Problem to work on -
Please copy out the entries exactly, skipping any pictures.

(Records drawn from a dataset)
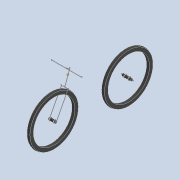
# Autodesk Inventor part: LW sketch
Saved by Autodesk Inventor 2021 (Build 250183000, 183)
## iProperties
Created: 2020-05-07
Part Number: LW sketch
Material: Generic
Document SubType Name: Modeling
Designer: Hannah
Appearance: Default
Surface Area: 8694.89 cm^2
Volume: 10910.6 cm^3
Author: Hannah
Autodesk Inventor part; units mm, degrees
ref_plane "Work Plane6" through (84.6427, 87.4734, -400.3058) normal (-1, 0, 0) x (0, 0.9396926, -0.3420201)
ref_plane "Work Plane5" through (-84.6427, 83.5886, -432.9589) normal (1, 0, 0) x (0, -0.9396926, 0.3420201)
ref_plane "Work Plane6" through (84.6427, 87.4734, -400.3058) normal (-1, 0, 0) x (0, 0.9396926, -0.3420201)
ref_plane "Work Plane3" through (-84.6427, 60, -486.347) normal (0, 1, 0) x (-1, 0, 0)
ref_plane "Work Plane1" through (-84.6427, 60, -486.347) normal (0, 0, 1) x (1, 0, 0)
ref_plane "Work Plane2" through (0, 0, 618) normal (0, 0, 1) x (1, 0, 0)
ref_plane "Work Plane4" through (-84.6427, -310, -486.347) normal (0, 1, 0) x (-1, 0, 0)
sketch3d "FEA outline"
sketch "Sketch4" plane through (0, 0, 0) normal (1, 0, 0) x (0, 1, 0)
  line L0 (1144.2962, 185.3262) -> (-521.8385, 791.7497) projected
  line L1 (60, 633.1867) -> (42.899, 586.202)
  point P0 (0, 0)
  point P1 (60, -486.347)
  dimension "d64" = 50
  constraints: 2 end point, 1 perpendicular, 1 point on line, 1 vertical alignment
  measures "d64" distance of L1.start L1.end
sketch3d "placeholders"
ref_plane "Work Plane7" through (50, 60, 633.1867) normal (0, 0, 1) x (1, 0, 0)
sketch "Sketch2" plane through (50, 60, 633.1867) normal (0, 0, 1) x (1, 0, 0)
  line L0 (-72, -311) -> (-28, -311)
  line L1 (-28, -311) -> (-28, -363.4066)
  line L2 (-72, -363.4066) -> (-72, -311)
  line L3 (-100, 0) -> (0, 0) projected
  arc A0 (-72, -363.4066) -> (-28, -363.4066) centre (-50, -330) ccw
  line L4 (0, -17.5) -> (0, 0)
  line L5 (0, 0) -> (-100, 0)
  line L6 (-100, 0) -> (-100, -17.5)
  line L7 (-82, -25) -> (-80, -25)
  line L8 (-80, -25) -> (-80, -17.5)
  line L9 (-82, -17.5) -> (-82, -25)
  line L10 (-20, -25) -> (-18, -25)
  line L11 (-18, -25) -> (-18, -17.5)
  line L12 (-20, -17.5) -> (-20, -25)
  line L13 (-100, -17.5) -> (-82, -17.5)
  line L14 (-80, -17.5) -> (-20, -17.5)
  line L15 (-18, -17.5) -> (0, -17.5)
  point P0 (-50, -60)
  point P1 (-50, -311)
  point P2 (-50, -17.5)
  point P3 (-100, 0)
  point P4 (-50, -17.5)
  point P5 (-50, 0)
  dimension "TyreWidth" = 44
  dimension "d24" = 40
  dimension "BSD" = 622
  dimension "d26" = 660
  dimension "FrontHubSpacing" = 100
  dimension "d30" = 60
  dimension "d31" = 2
  dimension "d32" = 50
  dimension "d33" = 35
  constraints: 30 end point, 7 parallel, 6 horizontal, 6 perpendicular, 4 midpoint, 4 vertical alignment, 2 collinear, 2 equal length, 2 point on circle, 2 point on line, 1 centre point
  measures "TyreWidth" distance between parallel lines of L1 L2
  measures "d24" radius of A0
  measures "BSD" diameter of L0 L3
  measures "d26" diameter of A0.centre L3
  measures "FrontHubSpacing" distance of L6.end L4.start
  measures "d30" distance between parallel lines of L12 L8
  measures "d31" distance of L10.start L10.end
  measures "d32" diameter of L7 L3
  measures "d33" diameter of L13 L3
revolve "Revolution1" add sketch "Sketch2" angle 360 about axis through (-50, 60, 633.1867) along (1, 0, 0)
ref_plane "Work Plane8" through (84.6427, 60, -486.347) normal (0, 0, 1) x (1, 0, 0)
sketch "Sketch3" plane through (84.6427, 255, -486.347) normal (0, 0, 1) x (1, 0, 0)
  line L0 (-106.6427, -506) -> (-62.6427, -506)
  line L1 (-62.6427, -506) -> (-62.6427, -558.4066)
  line L2 (-106.6427, -558.4066) -> (-106.6427, -506)
  line L3 (-37.8915, -195) -> (62.1085, -195)
  arc A0 (-106.6427, -558.4066) -> (-62.6427, -558.4066) centre (-84.6427, -525) ccw
  line L4 (-17.1427, -212.5) -> (-17.1427, -195)
  line L5 (-17.1427, -195) -> (-152.1427, -195)
  line L6 (-152.1427, -195) -> (-152.1427, -212.5)
  line L7 (-116.6427, -220) -> (-114.6427, -220)
  line L8 (-114.6427, -220) -> (-114.6427, -212.5)
  line L9 (-116.6427, -212.5) -> (-116.6427, -220)
  line L10 (-54.6427, -220) -> (-52.6427, -220)
  line L11 (-52.6427, -220) -> (-52.6427, -212.5)
  line L12 (-54.6427, -212.5) -> (-54.6427, -220)
  line L13 (-152.1427, -212.5) -> (-116.6427, -212.5)
  line L14 (-114.6427, -212.5) -> (-54.6427, -212.5)
  line L15 (-52.6427, -212.5) -> (-17.1427, -212.5)
  line L16 (-169.2853, -195) -> (0, -195) projected
  point P0 (-84.6427, -506)
  point P1 (-50, 0)
  point P2 (-84.6427, -212.5)
  point P3 (-84.6427, -195)
  point P4 (-84.6427, -255)
  dimension "d41" = 44
  dimension "d39" = 40
  dimension "d42" = 622
  dimension "d40" = 660
  dimension "RearHubWidth" = 135
  dimension "d35" = 60
  dimension "d36" = 2
  dimension "d37" = 50
  dimension "d34" = 35
  constraints: 32 end point, 7 parallel, 6 horizontal, 6 perpendicular, 3 collinear, 3 midpoint, 3 vertical alignment, 2 equal length, 2 point on circle, 2 point on line, 1 centre point
  measures "d41" distance between parallel lines of L1 L2
  measures "d39" radius of A0
  measures "d42" diameter of L0 L3
  measures "d40" diameter of A0.centre L3
  measures "RearHubWidth" distance of L6.end L4.start
  measures "d35" distance between parallel lines of L12 L8
  measures "d36" distance of L10.start L10.end
  measures "d37" diameter of L7 L3
  measures "d34" diameter of L13 L3
revolve "Revolution2" add sketch "Sketch3" angle 360 about axis through (46.7512, 60, -486.347) along (1, 0, 0)
equation "\"d3\" = d2"
equation "\"d4\" = d2"
equation "\"d18\" = d17"
equation "\"d26\" = tyreOD - 2 * d24"
equation "\"d41\" = TyreWidth"
equation "\"d42\" = BSD"
equation "\"d40\" = tyreOD - 2 * d39"
equation "\"d2\" = 60"
equation "\"d17\" = 25"
equation "\"tyreOD\" = 740"
body "Solid1"

Response for this exercise -
# Autodesk Inventor part: LW sketch
Saved by Autodesk Inventor 2021 (Build 250183000, 183)
## iProperties
Created: 2020-05-07
Part Number: LW sketch
Material: Generic
Document SubType Name: Modeling
Designer: Hannah
Appearance: Default
Surface Area: 8694.89 cm^2
Volume: 10910.6 cm^3
Author: Hannah
Autodesk Inventor part; units mm, degrees
ref_plane "Work Plane6" through (84.6427, 87.4734, -400.3058) normal (-1, 0, 0) x (0, 0.9396926, -0.3420201)
ref_plane "Work Plane5" through (-84.6427, 83.5886, -432.9589) normal (1, 0, 0) x (0, -0.9396926, 0.3420201)
ref_plane "Work Plane6" through (84.6427, 87.4734, -400.3058) normal (-1, 0, 0) x (0, 0.9396926, -0.3420201)
ref_plane "Work Plane3" through (-84.6427, 60, -486.347) normal (0, 1, 0) x (-1, 0, 0)
ref_plane "Work Plane1" through (-84.6427, 60, -486.347) normal (0, 0, 1) x (1, 0, 0)
ref_plane "Work Plane2" through (0, 0, 618) normal (0, 0, 1) x (1, 0, 0)
ref_plane "Work Plane4" through (-84.6427, -310, -486.347) normal (0, 1, 0) x (-1, 0, 0)
sketch3d "FEA outline"
sketch "Sketch4" plane through (0, 0, 0) normal (1, 0, 0) x (0, 1, 0)
  line L0 (1144.2962, 185.3262) -> (-521.8385, 791.7497) projected
  line L1 (60, 633.1867) -> (42.899, 586.202)
  point P0 (0, 0)
  point P1 (60, -486.347)
  dimension "d64" = 50
  constraints: 2 end point, 1 perpendicular, 1 point on line, 1 vertical alignment
  measures "d64" distance of L1.start L1.end
sketch3d "placeholders"
ref_plane "Work Plane7" through (50, 60, 633.1867) normal (0, 0, 1) x (1, 0, 0)
sketch "Sketch2" plane through (50, 60, 633.1867) normal (0, 0, 1) x (1, 0, 0)
  line L0 (-72, -311) -> (-28, -311)
  line L1 (-28, -311) -> (-28, -363.4066)
  line L2 (-72, -363.4066) -> (-72, -311)
  line L3 (-100, 0) -> (0, 0) projected
  arc A0 (-72, -363.4066) -> (-28, -363.4066) centre (-50, -330) ccw
  line L4 (0, -17.5) -> (0, 0)
  line L5 (0, 0) -> (-100, 0)
  line L6 (-100, 0) -> (-100, -17.5)
  line L7 (-82, -25) -> (-80, -25)
  line L8 (-80, -25) -> (-80, -17.5)
  line L9 (-82, -17.5) -> (-82, -25)
  line L10 (-20, -25) -> (-18, -25)
  line L11 (-18, -25) -> (-18, -17.5)
  line L12 (-20, -17.5) -> (-20, -25)
  line L13 (-100, -17.5) -> (-82, -17.5)
  line L14 (-80, -17.5) -> (-20, -17.5)
  line L15 (-18, -17.5) -> (0, -17.5)
  point P0 (-50, -60)
  point P1 (-50, -311)
  point P2 (-50, -17.5)
  point P3 (-100, 0)
  point P4 (-50, -17.5)
  point P5 (-50, 0)
  dimension "TyreWidth" = 44
  dimension "d24" = 40
  dimension "BSD" = 622
  dimension "d26" = 660
  dimension "FrontHubSpacing" = 100
  dimension "d30" = 60
  dimension "d31" = 2
  dimension "d32" = 50
  dimension "d33" = 35
  constraints: 30 end point, 7 parallel, 6 horizontal, 6 perpendicular, 4 midpoint, 4 vertical alignment, 2 collinear, 2 equal length, 2 point on circle, 2 point on line, 1 centre point
  measures "TyreWidth" distance between parallel lines of L1 L2
  measures "d24" radius of A0
  measures "BSD" diameter of L0 L3
  measures "d26" diameter of A0.centre L3
  measures "FrontHubSpacing" distance of L6.end L4.start
  measures "d30" distance between parallel lines of L12 L8
  measures "d31" distance of L10.start L10.end
  measures "d32" diameter of L7 L3
  measures "d33" diameter of L13 L3
revolve "Revolution1" add sketch "Sketch2" angle 360 about axis through (-50, 60, 633.1867) along (1, 0, 0)
ref_plane "Work Plane8" through (84.6427, 60, -486.347) normal (0, 0, 1) x (1, 0, 0)
sketch "Sketch3" plane through (84.6427, 255, -486.347) normal (0, 0, 1) x (1, 0, 0)
  line L0 (-106.6427, -506) -> (-62.6427, -506)
  line L1 (-62.6427, -506) -> (-62.6427, -558.4066)
  line L2 (-106.6427, -558.4066) -> (-106.6427, -506)
  line L3 (-37.8915, -195) -> (62.1085, -195)
  arc A0 (-106.6427, -558.4066) -> (-62.6427, -558.4066) centre (-84.6427, -525) ccw
  line L4 (-17.1427, -212.5) -> (-17.1427, -195)
  line L5 (-17.1427, -195) -> (-152.1427, -195)
  line L6 (-152.1427, -195) -> (-152.1427, -212.5)
  line L7 (-116.6427, -220) -> (-114.6427, -220)
  line L8 (-114.6427, -220) -> (-114.6427, -212.5)
  line L9 (-116.6427, -212.5) -> (-116.6427, -220)
  line L10 (-54.6427, -220) -> (-52.6427, -220)
  line L11 (-52.6427, -220) -> (-52.6427, -212.5)
  line L12 (-54.6427, -212.5) -> (-54.6427, -220)
  line L13 (-152.1427, -212.5) -> (-116.6427, -212.5)
  line L14 (-114.6427, -212.5) -> (-54.6427, -212.5)
  line L15 (-52.6427, -212.5) -> (-17.1427, -212.5)
  line L16 (-169.2853, -195) -> (0, -195) projected
  point P0 (-84.6427, -506)
  point P1 (-50, 0)
  point P2 (-84.6427, -212.5)
  point P3 (-84.6427, -195)
  point P4 (-84.6427, -255)
  dimension "d41" = 44
  dimension "d39" = 40
  dimension "d42" = 622
  dimension "d40" = 660
  dimension "RearHubWidth" = 135
  dimension "d35" = 60
  dimension "d36" = 2
  dimension "d37" = 50
  dimension "d34" = 35
  constraints: 32 end point, 7 parallel, 6 horizontal, 6 perpendicular, 3 collinear, 3 midpoint, 3 vertical alignment, 2 equal length, 2 point on circle, 2 point on line, 1 centre point
  measures "d41" distance between parallel lines of L1 L2
  measures "d39" radius of A0
  measures "d42" diameter of L0 L3
  measures "d40" diameter of A0.centre L3
  measures "RearHubWidth" distance of L6.end L4.start
  measures "d35" distance between parallel lines of L12 L8
  measures "d36" distance of L10.start L10.end
  measures "d37" diameter of L7 L3
  measures "d34" diameter of L13 L3
revolve "Revolution2" add sketch "Sketch3" angle 360 about axis through (46.7512, 60, -486.347) along (1, 0, 0)
equation "\"d3\" = d2"
equation "\"d4\" = d2"
equation "\"d18\" = d17"
equation "\"d26\" = tyreOD - 2 * d24"
equation "\"d41\" = TyreWidth"
equation "\"d42\" = BSD"
equation "\"d40\" = tyreOD - 2 * d39"
equation "\"d2\" = 60"
equation "\"d17\" = 25"
equation "\"tyreOD\" = 740"
body "Solid1"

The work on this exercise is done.